There is an absence of definitive studies on how closely blood–brain barrier (BBB) disruption and NPSLE are linked, although this association has been supported by case reports.⁵⁰ The difficulties in measuring BBB disruption probably contribute to this. The degree of BBB disruption in patients with SLE is typically measured indirectly, by the presence or quantity of proteins (e.g., albumin or immunoglobulins) or serum molecules in the CSF. These markers require lumbar puncture to obtain, are often transient, and can be reduced or reversed by treatment with corticosteroids.

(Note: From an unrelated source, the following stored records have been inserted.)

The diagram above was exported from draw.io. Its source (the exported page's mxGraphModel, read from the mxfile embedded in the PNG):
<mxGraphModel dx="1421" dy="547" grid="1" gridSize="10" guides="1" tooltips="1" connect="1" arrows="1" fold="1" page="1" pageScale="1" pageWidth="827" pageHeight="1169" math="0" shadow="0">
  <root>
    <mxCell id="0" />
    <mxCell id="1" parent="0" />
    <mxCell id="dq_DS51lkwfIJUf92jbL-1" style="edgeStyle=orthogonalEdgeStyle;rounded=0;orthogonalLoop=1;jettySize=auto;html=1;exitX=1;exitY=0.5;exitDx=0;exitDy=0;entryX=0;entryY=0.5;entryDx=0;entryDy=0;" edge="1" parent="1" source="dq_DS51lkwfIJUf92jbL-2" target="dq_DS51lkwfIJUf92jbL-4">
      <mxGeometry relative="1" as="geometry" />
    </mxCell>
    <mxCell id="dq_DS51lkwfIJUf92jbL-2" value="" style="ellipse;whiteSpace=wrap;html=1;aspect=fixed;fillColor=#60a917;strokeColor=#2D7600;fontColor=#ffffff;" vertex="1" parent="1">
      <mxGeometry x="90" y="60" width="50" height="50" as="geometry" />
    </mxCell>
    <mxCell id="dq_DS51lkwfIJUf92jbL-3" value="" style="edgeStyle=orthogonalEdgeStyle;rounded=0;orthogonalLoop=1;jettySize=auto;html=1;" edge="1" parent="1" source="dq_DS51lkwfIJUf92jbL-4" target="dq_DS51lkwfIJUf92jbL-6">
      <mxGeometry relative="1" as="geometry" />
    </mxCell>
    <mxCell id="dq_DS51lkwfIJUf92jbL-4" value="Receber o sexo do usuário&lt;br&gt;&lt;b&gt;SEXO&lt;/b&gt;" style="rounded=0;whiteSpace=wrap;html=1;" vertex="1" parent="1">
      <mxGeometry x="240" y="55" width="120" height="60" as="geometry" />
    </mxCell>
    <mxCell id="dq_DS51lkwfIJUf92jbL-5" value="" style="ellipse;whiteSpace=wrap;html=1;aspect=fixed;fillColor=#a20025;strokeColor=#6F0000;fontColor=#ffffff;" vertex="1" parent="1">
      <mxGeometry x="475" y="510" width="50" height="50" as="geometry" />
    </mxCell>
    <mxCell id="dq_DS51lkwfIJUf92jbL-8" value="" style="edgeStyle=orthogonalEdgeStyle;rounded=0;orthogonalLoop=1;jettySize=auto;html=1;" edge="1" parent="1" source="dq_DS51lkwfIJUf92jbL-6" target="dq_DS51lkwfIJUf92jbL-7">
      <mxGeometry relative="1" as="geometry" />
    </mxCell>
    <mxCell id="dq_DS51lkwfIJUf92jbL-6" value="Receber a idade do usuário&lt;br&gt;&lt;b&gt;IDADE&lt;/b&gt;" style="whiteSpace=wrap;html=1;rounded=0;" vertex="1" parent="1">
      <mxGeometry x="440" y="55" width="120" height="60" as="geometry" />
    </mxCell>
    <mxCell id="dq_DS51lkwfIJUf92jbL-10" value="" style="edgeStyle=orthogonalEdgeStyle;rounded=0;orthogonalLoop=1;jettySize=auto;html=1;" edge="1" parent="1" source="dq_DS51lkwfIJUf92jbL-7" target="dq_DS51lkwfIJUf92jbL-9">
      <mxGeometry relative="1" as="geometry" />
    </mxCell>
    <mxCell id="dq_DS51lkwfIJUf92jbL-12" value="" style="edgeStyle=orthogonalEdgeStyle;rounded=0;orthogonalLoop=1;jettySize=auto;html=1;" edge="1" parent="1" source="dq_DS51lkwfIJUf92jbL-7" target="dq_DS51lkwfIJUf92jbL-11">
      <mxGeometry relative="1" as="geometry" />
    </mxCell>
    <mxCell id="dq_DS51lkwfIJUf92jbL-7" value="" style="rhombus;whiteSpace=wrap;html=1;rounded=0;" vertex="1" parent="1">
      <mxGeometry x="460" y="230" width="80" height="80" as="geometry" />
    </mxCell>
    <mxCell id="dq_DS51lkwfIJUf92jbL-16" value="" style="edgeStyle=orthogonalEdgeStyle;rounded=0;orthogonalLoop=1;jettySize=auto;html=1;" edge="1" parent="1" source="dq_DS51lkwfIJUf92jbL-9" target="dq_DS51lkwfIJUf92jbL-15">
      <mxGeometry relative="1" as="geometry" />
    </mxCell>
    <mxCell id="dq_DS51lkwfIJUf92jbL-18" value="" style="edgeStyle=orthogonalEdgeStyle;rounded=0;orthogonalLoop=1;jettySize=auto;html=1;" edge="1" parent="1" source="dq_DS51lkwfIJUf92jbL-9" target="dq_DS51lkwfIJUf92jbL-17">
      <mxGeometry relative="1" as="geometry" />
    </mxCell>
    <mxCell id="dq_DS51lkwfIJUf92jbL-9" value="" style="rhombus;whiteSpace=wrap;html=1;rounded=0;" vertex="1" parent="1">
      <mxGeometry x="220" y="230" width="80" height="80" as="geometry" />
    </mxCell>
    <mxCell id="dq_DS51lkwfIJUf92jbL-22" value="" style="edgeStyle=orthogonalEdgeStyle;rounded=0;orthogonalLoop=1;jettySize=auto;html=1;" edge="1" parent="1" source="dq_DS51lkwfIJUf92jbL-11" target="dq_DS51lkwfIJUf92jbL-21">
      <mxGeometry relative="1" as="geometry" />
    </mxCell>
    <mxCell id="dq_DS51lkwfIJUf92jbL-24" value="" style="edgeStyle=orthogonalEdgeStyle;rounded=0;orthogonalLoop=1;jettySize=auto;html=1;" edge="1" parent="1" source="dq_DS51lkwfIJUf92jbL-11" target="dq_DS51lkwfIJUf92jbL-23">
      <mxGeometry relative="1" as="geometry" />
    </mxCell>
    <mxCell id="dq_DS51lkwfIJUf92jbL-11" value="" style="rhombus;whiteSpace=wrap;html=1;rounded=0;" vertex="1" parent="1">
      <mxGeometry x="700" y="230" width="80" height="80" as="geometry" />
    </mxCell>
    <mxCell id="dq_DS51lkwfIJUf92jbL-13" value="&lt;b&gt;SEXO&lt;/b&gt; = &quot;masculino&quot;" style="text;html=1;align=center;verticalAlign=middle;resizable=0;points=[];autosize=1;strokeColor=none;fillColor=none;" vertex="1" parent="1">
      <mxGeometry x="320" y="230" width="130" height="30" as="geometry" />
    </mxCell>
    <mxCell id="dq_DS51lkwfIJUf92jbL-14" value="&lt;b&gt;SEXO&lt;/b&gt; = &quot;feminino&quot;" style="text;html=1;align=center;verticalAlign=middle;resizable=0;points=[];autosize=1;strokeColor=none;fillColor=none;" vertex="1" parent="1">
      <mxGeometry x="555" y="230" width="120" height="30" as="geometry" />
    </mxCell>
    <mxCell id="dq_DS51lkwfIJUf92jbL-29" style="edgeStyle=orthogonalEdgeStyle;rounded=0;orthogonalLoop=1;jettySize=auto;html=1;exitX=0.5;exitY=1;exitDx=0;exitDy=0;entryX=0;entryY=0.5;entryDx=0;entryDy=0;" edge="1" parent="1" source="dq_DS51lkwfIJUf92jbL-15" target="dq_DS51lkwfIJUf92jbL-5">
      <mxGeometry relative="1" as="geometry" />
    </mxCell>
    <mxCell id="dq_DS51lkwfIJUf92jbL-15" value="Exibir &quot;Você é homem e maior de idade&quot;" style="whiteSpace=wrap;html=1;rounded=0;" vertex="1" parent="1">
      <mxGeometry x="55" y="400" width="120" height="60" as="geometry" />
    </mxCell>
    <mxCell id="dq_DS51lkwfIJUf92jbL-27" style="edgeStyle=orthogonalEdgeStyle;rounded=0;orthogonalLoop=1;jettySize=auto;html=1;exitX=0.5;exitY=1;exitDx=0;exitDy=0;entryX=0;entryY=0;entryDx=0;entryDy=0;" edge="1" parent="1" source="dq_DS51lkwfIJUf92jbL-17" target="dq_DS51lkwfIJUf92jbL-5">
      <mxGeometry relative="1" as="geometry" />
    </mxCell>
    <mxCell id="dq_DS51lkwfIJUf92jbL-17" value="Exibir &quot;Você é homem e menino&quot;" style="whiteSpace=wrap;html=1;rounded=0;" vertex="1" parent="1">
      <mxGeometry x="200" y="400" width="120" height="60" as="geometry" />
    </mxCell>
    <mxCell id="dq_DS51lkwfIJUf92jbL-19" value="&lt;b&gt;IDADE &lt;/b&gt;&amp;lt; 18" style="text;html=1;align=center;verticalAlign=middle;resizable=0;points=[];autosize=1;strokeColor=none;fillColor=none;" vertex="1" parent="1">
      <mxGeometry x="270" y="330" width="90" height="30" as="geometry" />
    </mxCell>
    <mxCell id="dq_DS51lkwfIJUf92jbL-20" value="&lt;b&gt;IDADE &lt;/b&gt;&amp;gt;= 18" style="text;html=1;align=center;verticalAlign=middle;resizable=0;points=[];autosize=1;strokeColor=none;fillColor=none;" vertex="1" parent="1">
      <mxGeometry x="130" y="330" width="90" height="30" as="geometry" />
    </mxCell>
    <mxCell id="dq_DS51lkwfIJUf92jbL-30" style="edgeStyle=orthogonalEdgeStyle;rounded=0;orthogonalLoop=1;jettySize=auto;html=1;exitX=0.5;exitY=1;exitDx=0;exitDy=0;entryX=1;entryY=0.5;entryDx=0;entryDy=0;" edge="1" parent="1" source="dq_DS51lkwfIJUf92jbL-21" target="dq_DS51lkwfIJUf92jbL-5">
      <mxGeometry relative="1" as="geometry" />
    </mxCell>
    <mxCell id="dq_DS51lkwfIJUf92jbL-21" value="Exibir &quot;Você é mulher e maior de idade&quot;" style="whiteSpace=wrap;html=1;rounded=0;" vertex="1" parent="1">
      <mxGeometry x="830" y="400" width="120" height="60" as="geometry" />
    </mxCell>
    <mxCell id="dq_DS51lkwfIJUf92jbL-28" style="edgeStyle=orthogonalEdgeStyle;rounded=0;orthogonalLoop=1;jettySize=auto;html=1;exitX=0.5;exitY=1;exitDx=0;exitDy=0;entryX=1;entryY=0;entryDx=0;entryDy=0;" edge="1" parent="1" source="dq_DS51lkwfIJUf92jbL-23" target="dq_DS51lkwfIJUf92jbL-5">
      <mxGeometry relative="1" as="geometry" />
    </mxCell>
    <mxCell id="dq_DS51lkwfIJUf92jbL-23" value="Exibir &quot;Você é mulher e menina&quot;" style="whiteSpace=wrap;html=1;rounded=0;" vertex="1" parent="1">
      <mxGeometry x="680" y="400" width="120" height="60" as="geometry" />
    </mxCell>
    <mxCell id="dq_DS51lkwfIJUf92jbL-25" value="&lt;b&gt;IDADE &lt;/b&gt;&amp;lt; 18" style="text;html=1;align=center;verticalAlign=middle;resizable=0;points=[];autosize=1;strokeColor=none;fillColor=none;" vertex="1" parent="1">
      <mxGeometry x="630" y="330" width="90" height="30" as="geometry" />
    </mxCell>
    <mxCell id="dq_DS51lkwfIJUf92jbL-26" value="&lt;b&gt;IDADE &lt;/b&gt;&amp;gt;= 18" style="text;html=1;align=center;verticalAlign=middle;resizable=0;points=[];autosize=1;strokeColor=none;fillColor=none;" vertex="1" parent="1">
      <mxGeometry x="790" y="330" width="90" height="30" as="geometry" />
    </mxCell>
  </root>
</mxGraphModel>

CLINICAL PRESENTATION, COURSE, AND NATURAL HISTORY

Patients with SLE commonly present with symptoms that overlap with DSM IV criteria for major depressive disorder, including fatigue, psychomotor retardation, and sleep disturbance (Box 10-3).⁵¹ Cognitive problems are commonly reported as well.³⁴ Therefore, the somatic and cognitive symptoms of SLE may lead to false positive symptoms of depression screening tools.⁵¹

ASSESSMENT AND DIFFERENTIAL DIAGNOSIS

When depression is identified in the context of SLE, assessment of cognitive functioning, energy, and sleep should be part of the initial workup (Box 10-4 and Box 10-5). NPSLE is difficult to rule out, and therefore a rheumatologist should be consulted to assist in investigating other disease parameters if this is possible. Because further treatment might include use of GC, immunomodulators, antimalarial agents, and/or anticoagulants depending upon the specific NPSLE syndrome, consideration to the effects these treatments may have on neuropsychiatric symptoms should be given as well.

TREATMENT

Controlled studies establishing the optimal use of antidepressants in patients with depression and SLE are lacking, although clinical experience suggests that the SSRIs are the first-line agents of choice (Box 10-6 to Box 10-8). However, there are case reports of an association between bupropion⁵² and sertraline⁵³ with cutaneous and systemic lupus symptoms, respectively. There are reports of successful treatment of NPSLE depression with ECT.⁵⁴

There are currently no studies establishing the efficacy of psychotherapy in treating major depressive disorder when it coexists with SLE. CBT has, however, been shown to improve depressive symptoms, stress, and other quality-of-life measures in patients with SLE.⁵⁵ Negative cognitions related to physical appearance are commonly observed and are predictive of depression among SLE patients and therefore might be anticipated in psychotherapy.⁶

Rheumatoid arthritis is an idiopathic, chronic, multisystem disease that occurs with a prevalence of approximately 0.5% to 1.0%.⁵⁶ It affects women three times more often than men. RA presents with symmetrical, peripheral, inflammatory synovitis. Patients with RA additionally have laboratory evidence of both autoantibodies and systemic inflammation.⁵⁷ Destruction and erosion of cartilage and bone from the synovitis is the hallmark of advanced disease. These destructive changes can compromise functional status and lead to loss of valued activities, including employment, recreational activities, and higher levels of independence.